Так сидели мы довольно долго, пустота внутри меня все не проходила, и я с каким-то величайшим легкомыслием стал размышлять о том, что, может быть, Мунька и Косая Авдотья даже разговаривают между собой и все понимают.

Директор, наконец, повернулся ко мне и, ей-богу, по-моему, искренне удивился, меня увидев. Так с этим удивленным выражением он смотрел на меня — видно, забыл сделать подобающее по педагогике выражение лица, а может, просто не считал нужным его делать.

— Ты знаешь, Ивакин, что такое подлец? — спросил он.

Я только открыл было рот, чтоб затянуть: «Я ничего не знаю, я ничего не делал…», но он прервал меня:

— Знаешь, конечно. Так вот, ты уже дошел до грани. Из тебя может вырасти простой, обычный негодяй. Ничего больше, кроме негодяя. Иди!

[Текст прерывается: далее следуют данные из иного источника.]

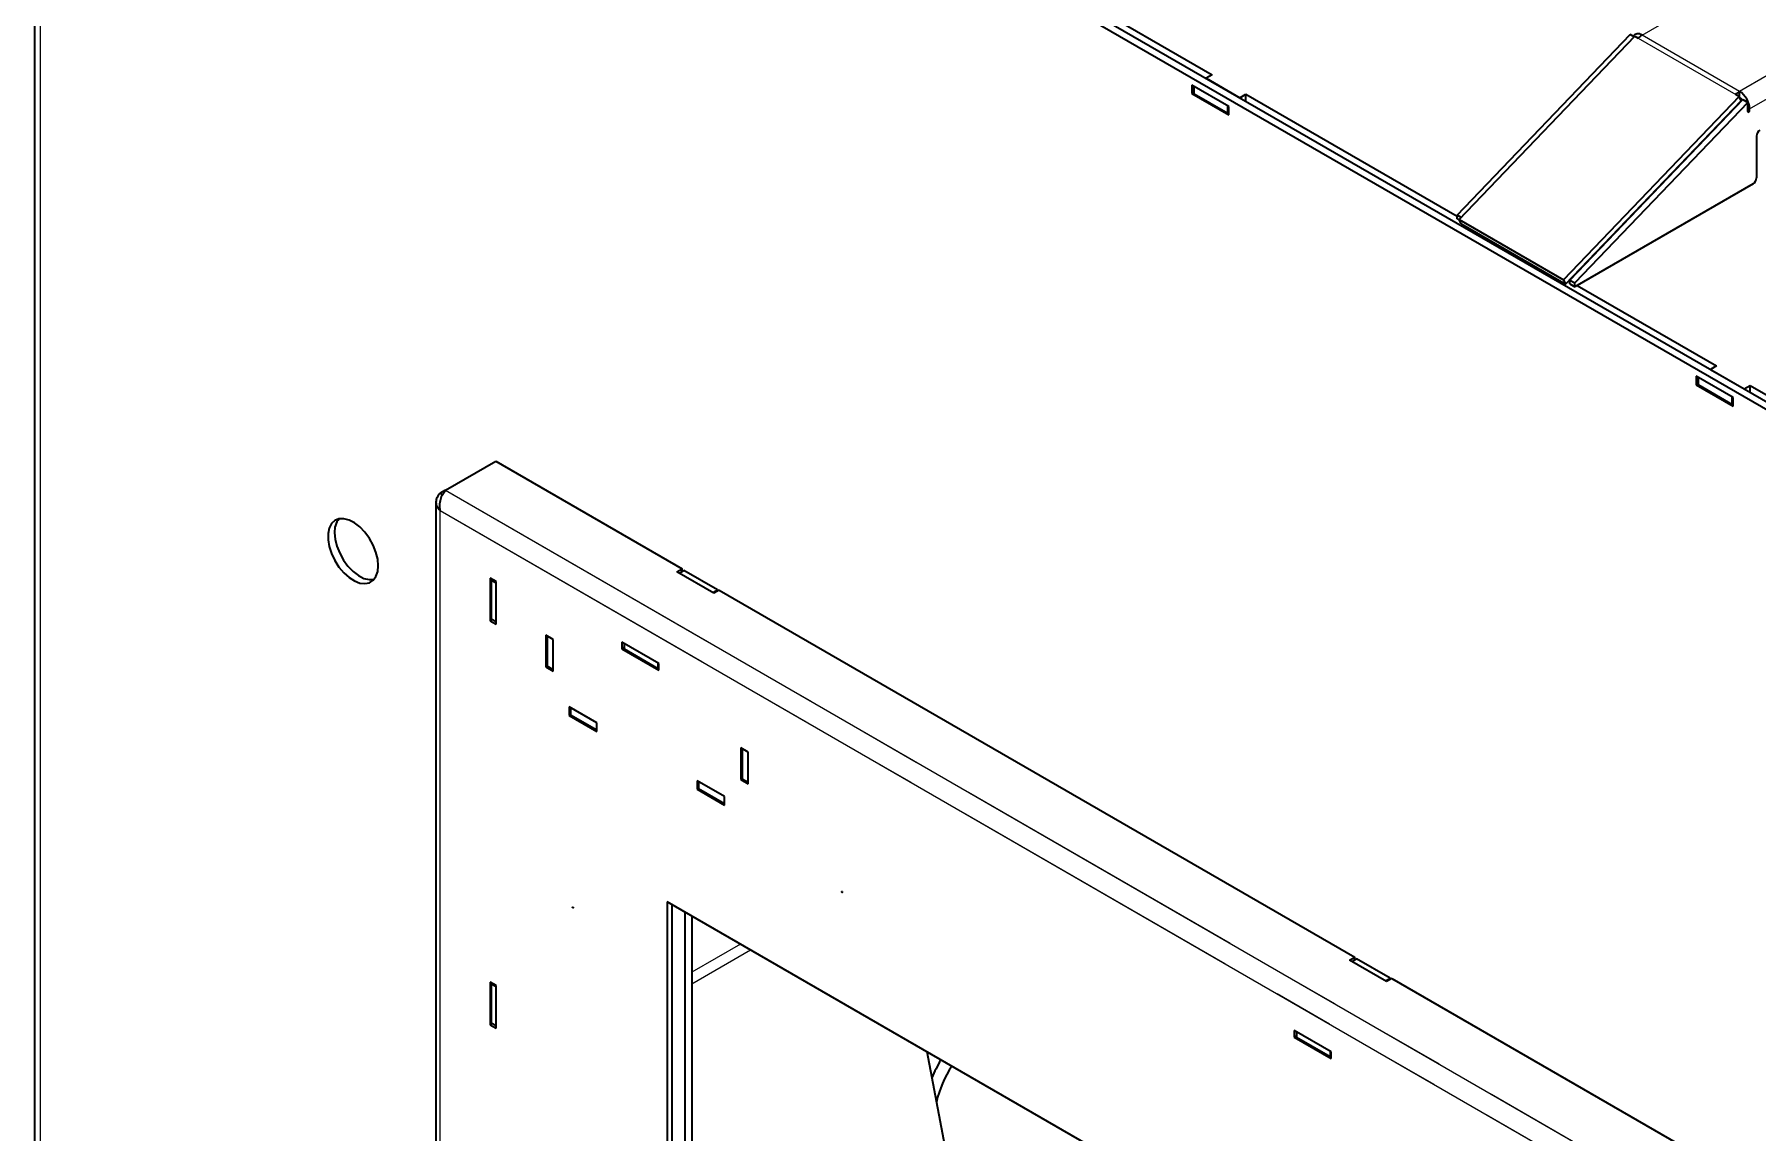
# Paper-space layout 'Blatt1' of a CAD drawing. Header units: millimetres. Extents: x 0 to 1189, y 0 to 841.
# Drawn here: x 468.92 to 505.15, y 184.42 to 207.51 of the extents above; entities that cross this region are included whole.
import ezdxf

# ---------------------------------------------------------------- set-up
doc = ezdxf.new("R2010")
doc.units = ezdxf.units.MM
doc.linetypes.add('PHANTOM', pattern=[12.7, 6.35, -1.27, 1.27, -1.27, 1.27, -1.27])

psp = doc.layouts.new('Blatt1')

# ---------------------------------------------------------------- linework, layer by layer
at = {"color": 8, "linetype": 'Continuous', "lineweight": 18}
for p, q in [((502.726, 207.501), (551.24, 235.508)), ((553.291, 234.324), (504.776, 206.317)), ((504.989, 205.95), (553.503, 233.956)), ((469.037, 220.587), (469.037, 79.407)), ((502.646, 207.437), (504.697, 206.253)), ((504.776, 206.317), (502.726, 207.501)), ((504.949, 205.943), (504.989, 205.92)), ((477.563, 197.93), (514.464, 176.627)), ((477.452, 197.504), (514.151, 176.318)), ((477.452, 148.608), (477.452, 197.504)), ((483.769, 188.386), (482.742, 187.794)), ((482.742, 187.549), (483.981, 188.264))]:
    psp.add_line(p, q, dxfattribs=at)
at = {"color": 8, "linetype": 'PHANTOM', "lineweight": 18}
for p, q in [((502.726, 207.501), (551.24, 235.508)), ((553.291, 234.324), (504.776, 206.317)), ((504.989, 205.95), (553.503, 233.956)), ((469.037, 220.587), (469.037, 79.407)), ((502.646, 207.437), (504.697, 206.253)), ((504.776, 206.317), (502.726, 207.501)), ((504.949, 205.943), (504.989, 205.92)), ((477.563, 197.93), (514.464, 176.627)), ((477.452, 197.504), (514.151, 176.318)), ((477.452, 148.608), (477.452, 197.504)), ((483.769, 188.386), (482.742, 187.794)), ((482.742, 187.549), (483.981, 188.264))]:
    psp.add_line(p, q, dxfattribs=at)
at = {"color": 7, "linetype": 'Continuous', "lineweight": 35}
for p, q in [((468.92, 220.75), (468.92, 79.57)), ((469.179, 220.668), (517.969, 192.502)), ((469.037, 220.587), (517.828, 192.42)), ((483.788, 212.382), (493.687, 206.667)), ((498.838, 203.718), (502.474, 207.513)), ((498.883, 203.623), (502.576, 207.478)), ((502.561, 207.463), (502.474, 207.513)), ((502.576, 207.478), (502.646, 207.437)), ((493.687, 206.667), (493.56, 206.593)), ((493.56, 206.593), (494.267, 206.185)), ((493.256, 206.45), (493.256, 206.271)), ((494.034, 206.001), (493.256, 206.45)), ((493.305, 206.299), (493.256, 206.271)), ((493.256, 206.271), (494.034, 205.822)), ((493.305, 206.267), (493.305, 206.422)), ((493.305, 206.267), (494.012, 205.858)), ((494.267, 206.185), (494.394, 206.259)), ((494.394, 206.259), (498.838, 203.693)), ((494.394, 206.112), (494.394, 206.259)), ((504.768, 206.213), (501.075, 202.358)), ((504.768, 206.213), (504.697, 206.253)), ((504.807, 206.122), (504.768, 206.213)), ((504.776, 206.195), (504.776, 206.317)), ((494.012, 205.858), (494.012, 206.014)), ((494.012, 205.858), (494.034, 205.871)), ((494.034, 205.822), (494.034, 206.001)), ((501.114, 202.267), (504.807, 206.122)), ((504.843, 206.146), (501.207, 202.351)), ((504.949, 206.084), (501.313, 202.289)), ((504.843, 206.146), (504.949, 206.084)), ((504.949, 205.897), (504.949, 206.084)), ((504.989, 205.92), (504.989, 205.95)), ((505.132, 205.379), (505.132, 204.497)), ((505.061, 204.375), (501.313, 202.211)), ((498.925, 203.668), (498.838, 203.718)), ((498.838, 203.64), (498.838, 203.718)), ((498.888, 203.611), (498.838, 203.64)), ((498.883, 203.623), (501.075, 202.358)), ((498.922, 203.532), (498.883, 203.623)), ((498.922, 203.532), (501.114, 202.267)), ((501.075, 202.358), (501.114, 202.267)), ((501.183, 202.339), (501.207, 202.326)), ((501.207, 202.351), (501.313, 202.289)), ((501.207, 202.272), (501.207, 202.351)), ((501.207, 202.272), (501.313, 202.211)), ((501.313, 202.211), (501.313, 202.289)), ((501.359, 202.238), (504.294, 200.544)), ((504.294, 200.544), (504.166, 200.47)), ((504.166, 200.47), (504.873, 200.062)), ((503.862, 200.327), (503.862, 200.148)), ((504.64, 199.878), (503.862, 200.327)), ((503.912, 200.176), (503.862, 200.148)), ((503.862, 200.148), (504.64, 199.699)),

…На урок я не пошел тогда, а пошел в парк, или, как его называли, «сад» при школе, хотя никаких фруктов там не водилось, а были громадные липы, тополя и березы.

В парке имелась физкультурная площадка: волейбольная сетка, шест, разные там стенки и бревна. На шесте можно было здорово качаться; и если подобрать размах, то столбы, на которых он висел, начинали дрожать, скрипеть и шататься чуть меньше шеста. Я повис на этом шесте и все качался, качался, все шире и больше, столбы ходили ходуном, а я летал где-то в поднебесье и ждал, что сейчас лопнет визжащая петля на шесте, я грохнусь на землю, а сверху свалится бревно и раздавит мне череп. Тут меня и застали Мишка Абдул, Пыч и Валька Сонный.

— Он убиться хочет, — сказал Пыч, — его из школы выгнали.

— Плевать, — сказал Абдул. — В ремеслуху пойдет. У меня брат…

Тут я приспустился на шесте, стал качаться потише. У меня вдруг прорезался непостижимый интерес к «ремеслухе». Да и про Мишкиного брата, Абдула-старшего, стоило послушать. Три года назад он уехал в Челябинск в ремесленное училище и потом появлялся несколько раз в селе в форме ремесленника и все более и более делался городским, а прошлый год приехал уже без формы, в шелковой рубашке с закатанными рукавами и при часах. По этому случаю несколько взрослых парней решили его побить, так уж они сочли необходимым. Вскоре всем на той вечеринке стало известно, что сегодня будут Абдула-старшего бить. Парни — из тех, кто не дорос до армии в последний военный год, — собрались кучкой: видно, решали, кто первый пойдет и врежет ему по уху. Все решала абдуловская хитрость: надо было по правилам ему собрать двух-трех приятелей, потом отойти, вроде как покурить, и потом уже одному Абдулу отделиться и что есть духу чесать домой; никто бы его не осудил. Но не нашлось у Мишкиного брата двух-трех приятелей; и он, к всеобщему восхищению, снял демонстративно часы, положил их в карман, а потом стал подходить к совещающимся: «О чем интересном разговор, ребята?» Так ничего и не получилось, а у нас, пацанов, стало одним героем больше.

Мы немного поговорили о «ремеслухе», Мишка Абдул сказал, что он, если надо, брату напишет и тот устроит меня в самолучшее место. Потом Мишка и Пыч ушли, а мы с Валькой Сонным остались вдвоем, потому что были друзьями.